Exercise details:
Select, from the material below, each line with "mxPoint" in it.

___ Available data

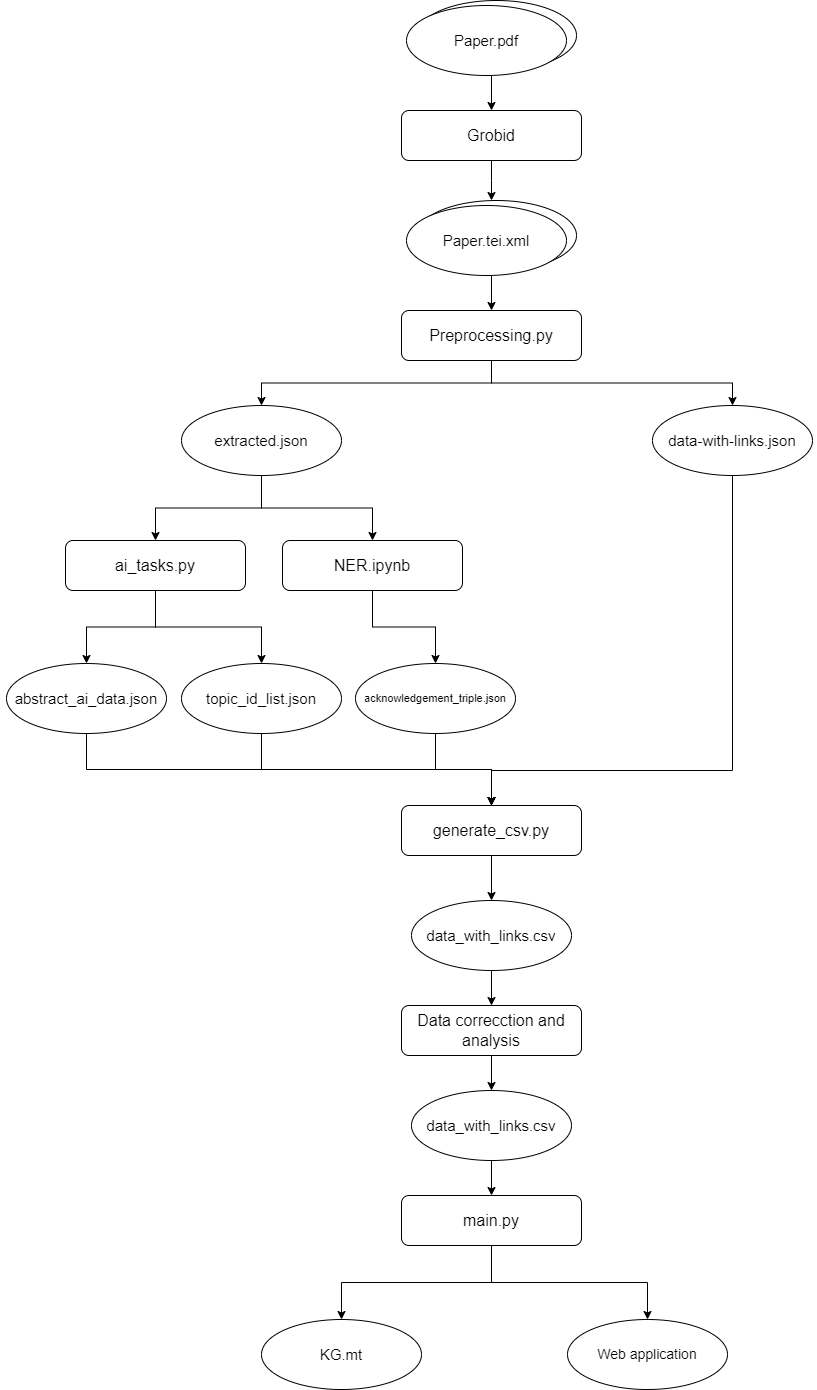

The diagram above was exported from draw.io. Its source (the exported page's mxGraphModel, read from the mxfile embedded in the PNG):
<mxGraphModel dx="2261" dy="717" grid="1" gridSize="10" guides="1" tooltips="1" connect="1" arrows="1" fold="1" page="1" pageScale="1" pageWidth="827" pageHeight="1169" math="0" shadow="0">
  <root>
    <mxCell id="WIyWlLk6GJQsqaUBKTNV-0" />
    <mxCell id="WIyWlLk6GJQsqaUBKTNV-1" parent="WIyWlLk6GJQsqaUBKTNV-0" />
    <mxCell id="1mSCd7gjy9r9wZX-sKtn-8" value="" style="group" parent="WIyWlLk6GJQsqaUBKTNV-1" connectable="0" vertex="1">
      <mxGeometry x="310" y="130" width="170" height="75" as="geometry" />
    </mxCell>
    <mxCell id="1mSCd7gjy9r9wZX-sKtn-6" value="Papers" style="ellipse;whiteSpace=wrap;html=1;fontSize=15;" parent="1mSCd7gjy9r9wZX-sKtn-8" vertex="1">
      <mxGeometry x="10" width="160" height="70" as="geometry" />
    </mxCell>
    <mxCell id="1mSCd7gjy9r9wZX-sKtn-7" value="Paper.pdf" style="ellipse;whiteSpace=wrap;html=1;fontSize=15;" parent="1mSCd7gjy9r9wZX-sKtn-8" vertex="1">
      <mxGeometry y="5" width="160" height="70" as="geometry" />
    </mxCell>
    <mxCell id="1mSCd7gjy9r9wZX-sKtn-25" style="edgeStyle=orthogonalEdgeStyle;rounded=0;orthogonalLoop=1;jettySize=auto;html=1;exitX=0.5;exitY=1;exitDx=0;exitDy=0;" parent="WIyWlLk6GJQsqaUBKTNV-1" source="1mSCd7gjy9r9wZX-sKtn-12" edge="1">
      <mxGeometry relative="1" as="geometry">
        <mxPoint x="395" y="330" as="targetPoint" />
      </mxGeometry>
    </mxCell>
    <mxCell id="1mSCd7gjy9r9wZX-sKtn-12" value="Grobid" style="rounded=1;whiteSpace=wrap;html=1;fontSize=16;glass=0;strokeWidth=1;shadow=0;" parent="WIyWlLk6GJQsqaUBKTNV-1" vertex="1">
      <mxGeometry x="305" y="240" width="180" height="50" as="geometry" />
    </mxCell>
    <mxCell id="1mSCd7gjy9r9wZX-sKtn-13" value="" style="group" parent="WIyWlLk6GJQsqaUBKTNV-1" connectable="0" vertex="1">
      <mxGeometry x="310" y="330" width="170" height="75" as="geometry" />
    </mxCell>
    <mxCell id="1mSCd7gjy9r9wZX-sKtn-14" value="Papers" style="ellipse;whiteSpace=wrap;html=1;fontSize=15;" parent="1mSCd7gjy9r9wZX-sKtn-13" vertex="1">
      <mxGeometry x="10" width="160" height="70" as="geometry" />
    </mxCell>
    <mxCell id="1mSCd7gjy9r9wZX-sKtn-15" value="Paper.tei.xml" style="ellipse;whiteSpace=wrap;html=1;fontSize=15;" parent="1mSCd7gjy9r9wZX-sKtn-13" vertex="1">
      <mxGeometry y="5" width="160" height="70" as="geometry" />
    </mxCell>
    <mxCell id="1mSCd7gjy9r9wZX-sKtn-17" value="" style="group" parent="WIyWlLk6GJQsqaUBKTNV-1" connectable="0" vertex="1">
      <mxGeometry x="-96" y="788" width="170" height="75" as="geometry" />
    </mxCell>
    <mxCell id="1mSCd7gjy9r9wZX-sKtn-19" value="abstract_ai_data.json" style="ellipse;whiteSpace=wrap;html=1;fontSize=15;" parent="1mSCd7gjy9r9wZX-sKtn-17" vertex="1">
      <mxGeometry x="6" y="5" width="160" height="70" as="geometry" />
    </mxCell>
    <mxCell id="1mSCd7gjy9r9wZX-sKtn-20" value="" style="group;fillColor=none;" parent="WIyWlLk6GJQsqaUBKTNV-1" connectable="0" vertex="1">
      <mxGeometry x="259" y="788" width="170" height="75" as="geometry" />
    </mxCell>
    <mxCell id="1mSCd7gjy9r9wZX-sKtn-21" value="acknowledgement_triple.json" style="ellipse;whiteSpace=wrap;html=1;fontSize=11;" parent="1mSCd7gjy9r9wZX-sKtn-20" vertex="1">
      <mxGeometry y="5" width="160" height="70" as="geometry" />
    </mxCell>
    <mxCell id="1mSCd7gjy9r9wZX-sKtn-23" style="edgeStyle=orthogonalEdgeStyle;rounded=0;orthogonalLoop=1;jettySize=auto;html=1;exitX=0.5;exitY=1;exitDx=0;exitDy=0;entryX=0.5;entryY=0;entryDx=0;entryDy=0;" parent="WIyWlLk6GJQsqaUBKTNV-1" source="1mSCd7gjy9r9wZX-sKtn-7" target="1mSCd7gjy9r9wZX-sKtn-12" edge="1">
      <mxGeometry relative="1" as="geometry" />
    </mxCell>
    <mxCell id="OcGD0C4B2nKFV7Xwndku-12" style="edgeStyle=orthogonalEdgeStyle;rounded=0;orthogonalLoop=1;jettySize=auto;html=1;exitX=0.5;exitY=1;exitDx=0;exitDy=0;entryX=0.5;entryY=0;entryDx=0;entryDy=0;" parent="WIyWlLk6GJQsqaUBKTNV-1" source="1mSCd7gjy9r9wZX-sKtn-30" target="OcGD0C4B2nKFV7Xwndku-6" edge="1">
      <mxGeometry relative="1" as="geometry" />
    </mxCell>
    <mxCell id="OcGD0C4B2nKFV7Xwndku-13" style="edgeStyle=orthogonalEdgeStyle;rounded=0;orthogonalLoop=1;jettySize=auto;html=1;exitX=0.5;exitY=1;exitDx=0;exitDy=0;entryX=0.5;entryY=0;entryDx=0;entryDy=0;" parent="WIyWlLk6GJQsqaUBKTNV-1" source="1mSCd7gjy9r9wZX-sKtn-30" target="zR7akt9iQQDUI-ttOKZr-1" edge="1">
      <mxGeometry relative="1" as="geometry" />
    </mxCell>
    <mxCell id="1mSCd7gjy9r9wZX-sKtn-30" value="Preprocessing.py" style="rounded=1;whiteSpace=wrap;html=1;fontSize=16;glass=0;strokeWidth=1;shadow=0;" parent="WIyWlLk6GJQsqaUBKTNV-1" vertex="1">
      <mxGeometry x="305" y="440" width="180" height="50" as="geometry" />
    </mxCell>
    <mxCell id="1mSCd7gjy9r9wZX-sKtn-34" style="edgeStyle=orthogonalEdgeStyle;rounded=0;orthogonalLoop=1;jettySize=auto;html=1;exitX=0.5;exitY=1;exitDx=0;exitDy=0;entryX=0.5;entryY=0;entryDx=0;entryDy=0;" parent="WIyWlLk6GJQsqaUBKTNV-1" source="1mSCd7gjy9r9wZX-sKtn-15" target="1mSCd7gjy9r9wZX-sKtn-30" edge="1">
      <mxGeometry relative="1" as="geometry" />
    </mxCell>
    <mxCell id="z-K87fU2l2_NbsbJMiMy-1" style="edgeStyle=orthogonalEdgeStyle;rounded=0;orthogonalLoop=1;jettySize=auto;html=1;exitX=0.5;exitY=1;exitDx=0;exitDy=0;entryX=0.5;entryY=0;entryDx=0;entryDy=0;" parent="WIyWlLk6GJQsqaUBKTNV-1" source="z-K87fU2l2_NbsbJMiMy-0" target="1mSCd7gjy9r9wZX-sKtn-19" edge="1">
      <mxGeometry relative="1" as="geometry" />
    </mxCell>
    <mxCell id="6-mE4lcbyvBFoQ72ffC7-7" style="edgeStyle=orthogonalEdgeStyle;rounded=0;orthogonalLoop=1;jettySize=auto;html=1;" parent="WIyWlLk6GJQsqaUBKTNV-1" source="z-K87fU2l2_NbsbJMiMy-0" target="6-mE4lcbyvBFoQ72ffC7-1" edge="1">
      <mxGeometry relative="1" as="geometry" />
    </mxCell>
    <mxCell id="z-K87fU2l2_NbsbJMiMy-0" value="ai_tasks.py" style="rounded=1;whiteSpace=wrap;html=1;fontSize=16;glass=0;strokeWidth=1;shadow=0;" parent="WIyWlLk6GJQsqaUBKTNV-1" vertex="1">
      <mxGeometry x="-31" y="670" width="180" height="50" as="geometry" />
    </mxCell>
    <mxCell id="z-K87fU2l2_NbsbJMiMy-10" style="edgeStyle=orthogonalEdgeStyle;rounded=0;orthogonalLoop=1;jettySize=auto;html=1;exitX=0.5;exitY=1;exitDx=0;exitDy=0;entryX=0.5;entryY=0;entryDx=0;entryDy=0;" parent="WIyWlLk6GJQsqaUBKTNV-1" source="z-K87fU2l2_NbsbJMiMy-3" target="z-K87fU2l2_NbsbJMiMy-9" edge="1">
      <mxGeometry relative="1" as="geometry" />
    </mxCell>
    <mxCell id="z-K87fU2l2_NbsbJMiMy-3" value="generate_csv.py" style="rounded=1;whiteSpace=wrap;html=1;fontSize=16;glass=0;strokeWidth=1;shadow=0;" parent="WIyWlLk6GJQsqaUBKTNV-1" vertex="1">
      <mxGeometry x="305" y="935" width="180" height="50" as="geometry" />
    </mxCell>
    <mxCell id="z-K87fU2l2_NbsbJMiMy-8" value="" style="group" parent="WIyWlLk6GJQsqaUBKTNV-1" connectable="0" vertex="1">
      <mxGeometry x="309" y="1025" width="170" height="75" as="geometry" />
    </mxCell>
    <mxCell id="z-K87fU2l2_NbsbJMiMy-9" value="data_with_links.csv" style="ellipse;whiteSpace=wrap;html=1;fontSize=15;" parent="z-K87fU2l2_NbsbJMiMy-8" vertex="1">
      <mxGeometry x="6" y="5" width="160" height="70" as="geometry" />
    </mxCell>
    <mxCell id="z-K87fU2l2_NbsbJMiMy-15" style="edgeStyle=orthogonalEdgeStyle;rounded=0;orthogonalLoop=1;jettySize=auto;html=1;exitX=0.5;exitY=1;exitDx=0;exitDy=0;entryX=0.5;entryY=0;entryDx=0;entryDy=0;" parent="WIyWlLk6GJQsqaUBKTNV-1" source="z-K87fU2l2_NbsbJMiMy-11" target="z-K87fU2l2_NbsbJMiMy-14" edge="1">
      <mxGeometry relative="1" as="geometry" />
    </mxCell>
    <mxCell id="z-K87fU2l2_NbsbJMiMy-11" value="Data correcction and analysis" style="rounded=1;whiteSpace=wrap;html=1;fontSize=16;glass=0;strokeWidth=1;shadow=0;" parent="WIyWlLk6GJQsqaUBKTNV-1" vertex="1">
      <mxGeometry x="305" y="1135" width="180" height="50" as="geometry" />
    </mxCell>
    <mxCell id="z-K87fU2l2_NbsbJMiMy-12" style="edgeStyle=orthogonalEdgeStyle;rounded=0;orthogonalLoop=1;jettySize=auto;html=1;exitX=0.5;exitY=1;exitDx=0;exitDy=0;entryX=0.5;entryY=0;entryDx=0;entryDy=0;" parent="WIyWlLk6GJQsqaUBKTNV-1" source="z-K87fU2l2_NbsbJMiMy-9" target="z-K87fU2l2_NbsbJMiMy-11" edge="1">
      <mxGeometry relative="1" as="geometry" />
    </mxCell>
    <mxCell id="z-K87fU2l2_NbsbJMiMy-13" value="" style="group" parent="WIyWlLk6GJQsqaUBKTNV-1" connectable="0" vertex="1">
      <mxGeometry x="309" y="1215" width="170" height="75" as="geometry" />
    </mxCell>
    <mxCell id="z-K87fU2l2_NbsbJMiMy-14" value="data_with_links.csv" style="ellipse;whiteSpace=wrap;html=1;fontSize=15;" parent="z-K87fU2l2_NbsbJMiMy-13" vertex="1">
      <mxGeometry x="6" y="5" width="160" height="70" as="geometry" />
    </mxCell>
    <mxCell id="z-K87fU2l2_NbsbJMiMy-24" style="edgeStyle=orthogonalEdgeStyle;rounded=0;orthogonalLoop=1;jettySize=auto;html=1;exitX=0.5;exitY=1;exitDx=0;exitDy=0;" parent="WIyWlLk6GJQsqaUBKTNV-1" source="z-K87fU2l2_NbsbJMiMy-16" target="z-K87fU2l2_NbsbJMiMy-21" edge="1">
      <mxGeometry relative="1" as="geometry" />
    </mxCell>
    <mxCell id="z-K87fU2l2_NbsbJMiMy-25" style="edgeStyle=orthogonalEdgeStyle;rounded=0;orthogonalLoop=1;jettySize=auto;html=1;exitX=0.5;exitY=1;exitDx=0;exitDy=0;entryX=0.5;entryY=0;entryDx=0;entryDy=0;" parent="WIyWlLk6GJQsqaUBKTNV-1" source="z-K87fU2l2_NbsbJMiMy-16" target="z-K87fU2l2_NbsbJMiMy-23" edge="1">
      <mxGeometry relative="1" as="geometry" />
    </mxCell>
    <mxCell id="z-K87fU2l2_NbsbJMiMy-16" value="main.py" style="rounded=1;whiteSpace=wrap;html=1;fontSize=16;glass=0;strokeWidth=1;shadow=0;" parent="WIyWlLk6GJQsqaUBKTNV-1" vertex="1">
      <mxGeometry x="305" y="1325" width="180" height="50" as="geometry" />
    </mxCell>
    <mxCell id="z-K87fU2l2_NbsbJMiMy-17" style="edgeStyle=orthogonalEdgeStyle;rounded=0;orthogonalLoop=1;jettySize=auto;html=1;exitX=0.5;exitY=1;exitDx=0;exitDy=0;entryX=0.5;entryY=0;entryDx=0;entryDy=0;" parent="WIyWlLk6GJQsqaUBKTNV-1" source="z-K87fU2l2_NbsbJMiMy-14" target="z-K87fU2l2_NbsbJMiMy-16" edge="1">
      <mxGeometry relative="1" as="geometry" />
    </mxCell>
    <mxCell id="z-K87fU2l2_NbsbJMiMy-20" value="" style="group" parent="WIyWlLk6GJQsqaUBKTNV-1" connectable="0" vertex="1">
      <mxGeometry x="159" y="1444" width="170" height="75" as="geometry" />
    </mxCell>
    <mxCell id="z-K87fU2l2_NbsbJMiMy-21" value="KG.mt" style="ellipse;whiteSpace=wrap;html=1;fontSize=15;" parent="z-K87fU2l2_NbsbJMiMy-20" vertex="1">
      <mxGeometry x="6" y="5" width="160" height="70" as="geometry" />
    </mxCell>
    <mxCell id="z-K87fU2l2_NbsbJMiMy-22" value="" style="group;fontSize=16;" parent="WIyWlLk6GJQsqaUBKTNV-1" connectable="0" vertex="1">
      <mxGeometry x="471" y="1444" width="170" height="75" as="geometry" />
    </mxCell>
    <mxCell id="z-K87fU2l2_NbsbJMiMy-23" value="&lt;font style=&quot;font-size: 14px;&quot;&gt;Web application&lt;/font&gt;" style="ellipse;whiteSpace=wrap;html=1;fontSize=11;" parent="z-K87fU2l2_NbsbJMiMy-22" vertex="1">
      <mxGeometry y="5" width="160" height="70" as="geometry" />
    </mxCell>
    <mxCell id="6-mE4lcbyvBFoQ72ffC7-0" value="" style="group" parent="WIyWlLk6GJQsqaUBKTNV-1" connectable="0" vertex="1">
      <mxGeometry x="79" y="788" width="170" height="75" as="geometry" />
    </mxCell>
    <mxCell id="6-mE4lcbyvBFoQ72ffC7-1" value="topic_id_list.json" style="ellipse;whiteSpace=wrap;html=1;fontSize=15;" parent="6-mE4lcbyvBFoQ72ffC7-0" vertex="1">
      <mxGeometry x="6" y="5" width="160" height="70" as="geometry" />
    </mxCell>
    <mxCell id="6-mE4lcbyvBFoQ72ffC7-9" value="" style="edgeStyle=orthogonalEdgeStyle;rounded=0;orthogonalLoop=1;jettySize=auto;html=1;" parent="WIyWlLk6GJQsqaUBKTNV-1" source="6-mE4lcbyvBFoQ72ffC7-6" target="1mSCd7gjy9r9wZX-sKtn-21" edge="1">
      <mxGeometry relative="1" as="geometry" />
    </mxCell>
    <mxCell id="6-mE4lcbyvBFoQ72ffC7-6" value="NER.ipynb" style="rounded=1;whiteSpace=wrap;html=1;fontSize=16;glass=0;strokeWidth=1;shadow=0;" parent="WIyWlLk6GJQsqaUBKTNV-1" vertex="1">
      <mxGeometry x="186" y="670" width="180" height="50" as="geometry" />
    </mxCell>
    <mxCell id="OcGD0C4B2nKFV7Xwndku-1" style="edgeStyle=orthogonalEdgeStyle;rounded=0;orthogonalLoop=1;jettySize=auto;html=1;exitX=0.5;exitY=1;exitDx=0;exitDy=0;entryX=0.5;entryY=0;entryDx=0;entryDy=0;" parent="WIyWlLk6GJQsqaUBKTNV-1" source="1mSCd7gjy9r9wZX-sKtn-19" target="z-K87fU2l2_NbsbJMiMy-3" edge="1">
      <mxGeometry relative="1" as="geometry" />
    </mxCell>
    <mxCell id="OcGD0C4B2nKFV7Xwndku-2" style="edgeStyle=orthogonalEdgeStyle;rounded=0;orthogonalLoop=1;jettySize=auto;html=1;exitX=0.5;exitY=1;exitDx=0;exitDy=0;entryX=0.5;entryY=0;entryDx=0;entryDy=0;" parent="WIyWlLk6GJQsqaUBKTNV-1" source="1mSCd7gjy9r9wZX-sKtn-21" target="z-K87fU2l2_NbsbJMiMy-3" edge="1">
      <mxGeometry relative="1" as="geometry" />
    </mxCell>
    <mxCell id="OcGD0C4B2nKFV7Xwndku-4" style="edgeStyle=orthogonalEdgeStyle;rounded=0;orthogonalLoop=1;jettySize=auto;html=1;exitX=0.5;exitY=1;exitDx=0;exitDy=0;entryX=0.5;entryY=0;entryDx=0;entryDy=0;" parent="WIyWlLk6GJQsqaUBKTNV-1" source="6-mE4lcbyvBFoQ72ffC7-1" target="z-K87fU2l2_NbsbJMiMy-3" edge="1">
      <mxGeometry relative="1" as="geometry" />
    </mxCell>
    <mxCell id="OcGD0C4B2nKFV7Xwndku-5" value="" style="group" parent="WIyWlLk6GJQsqaUBKTNV-1" connectable="0" vertex="1">
      <mxGeometry x="79" y="530" width="170" height="75" as="geometry" />
    </mxCell>
    <mxCell id="OcGD0C4B2nKFV7Xwndku-6" value="extracted.json" style="ellipse;whiteSpace=wrap;html=1;fontSize=15;" parent="OcGD0C4B2nKFV7Xwndku-5" vertex="1">
      <mxGeometry x="6" y="5" width="160" height="70" as="geometry" />
    </mxCell>
    <mxCell id="OcGD0C4B2nKFV7Xwndku-9" style="edgeStyle=orthogonalEdgeStyle;rounded=0;orthogonalLoop=1;jettySize=auto;html=1;exitX=0.5;exitY=1;exitDx=0;exitDy=0;entryX=0.5;entryY=0;entryDx=0;entryDy=0;" parent="WIyWlLk6GJQsqaUBKTNV-1" source="OcGD0C4B2nKFV7Xwndku-6" target="z-K87fU2l2_NbsbJMiMy-0" edge="1">
      <mxGeometry relative="1" as="geometry" />
    </mxCell>
    <mxCell id="OcGD0C4B2nKFV7Xwndku-10" style="edgeStyle=orthogonalEdgeStyle;rounded=0;orthogonalLoop=1;jettySize=auto;html=1;exitX=0.5;exitY=1;exitDx=0;exitDy=0;entryX=0.5;entryY=0;entryDx=0;entryDy=0;" parent="WIyWlLk6GJQsqaUBKTNV-1" source="OcGD0C4B2nKFV7Xwndku-6" target="6-mE4lcbyvBFoQ72ffC7-6" edge="1">
      <mxGeometry relative="1" as="geometry" />
    </mxCell>
    <mxCell id="zR7akt9iQQDUI-ttOKZr-0" value="" style="group" parent="WIyWlLk6GJQsqaUBKTNV-1" connectable="0" vertex="1">
      <mxGeometry x="550" y="530" width="170" height="75" as="geometry" />
    </mxCell>
    <mxCell id="zR7akt9iQQDUI-ttOKZr-1" value="data-with-links.json" style="ellipse;whiteSpace=wrap;html=1;fontSize=15;" parent="zR7akt9iQQDUI-ttOKZr-0" vertex="1">
      <mxGeometry x="6" y="5" width="160" height="70" as="geometry" />
    </mxCell>
    <mxCell id="OcGD0C4B2nKFV7Xwndku-14" style="edgeStyle=orthogonalEdgeStyle;rounded=0;orthogonalLoop=1;jettySize=auto;html=1;exitX=0.5;exitY=1;exitDx=0;exitDy=0;entryX=0.5;entryY=0;entryDx=0;entryDy=0;" parent="WIyWlLk6GJQsqaUBKTNV-1" source="zR7akt9iQQDUI-ttOKZr-1" target="z-K87fU2l2_NbsbJMiMy-3" edge="1">
      <mxGeometry relative="1" as="geometry">
        <Array as="points">
          <mxPoint x="636" y="900" />
          <mxPoint x="395" y="900" />
        </Array>
      </mxGeometry>
    </mxCell>
  </root>
</mxGraphModel>

______

Answer to this task:
        <mxPoint x="395" y="330" as="targetPoint" />
          <mxPoint x="636" y="900" />
          <mxPoint x="395" y="900" />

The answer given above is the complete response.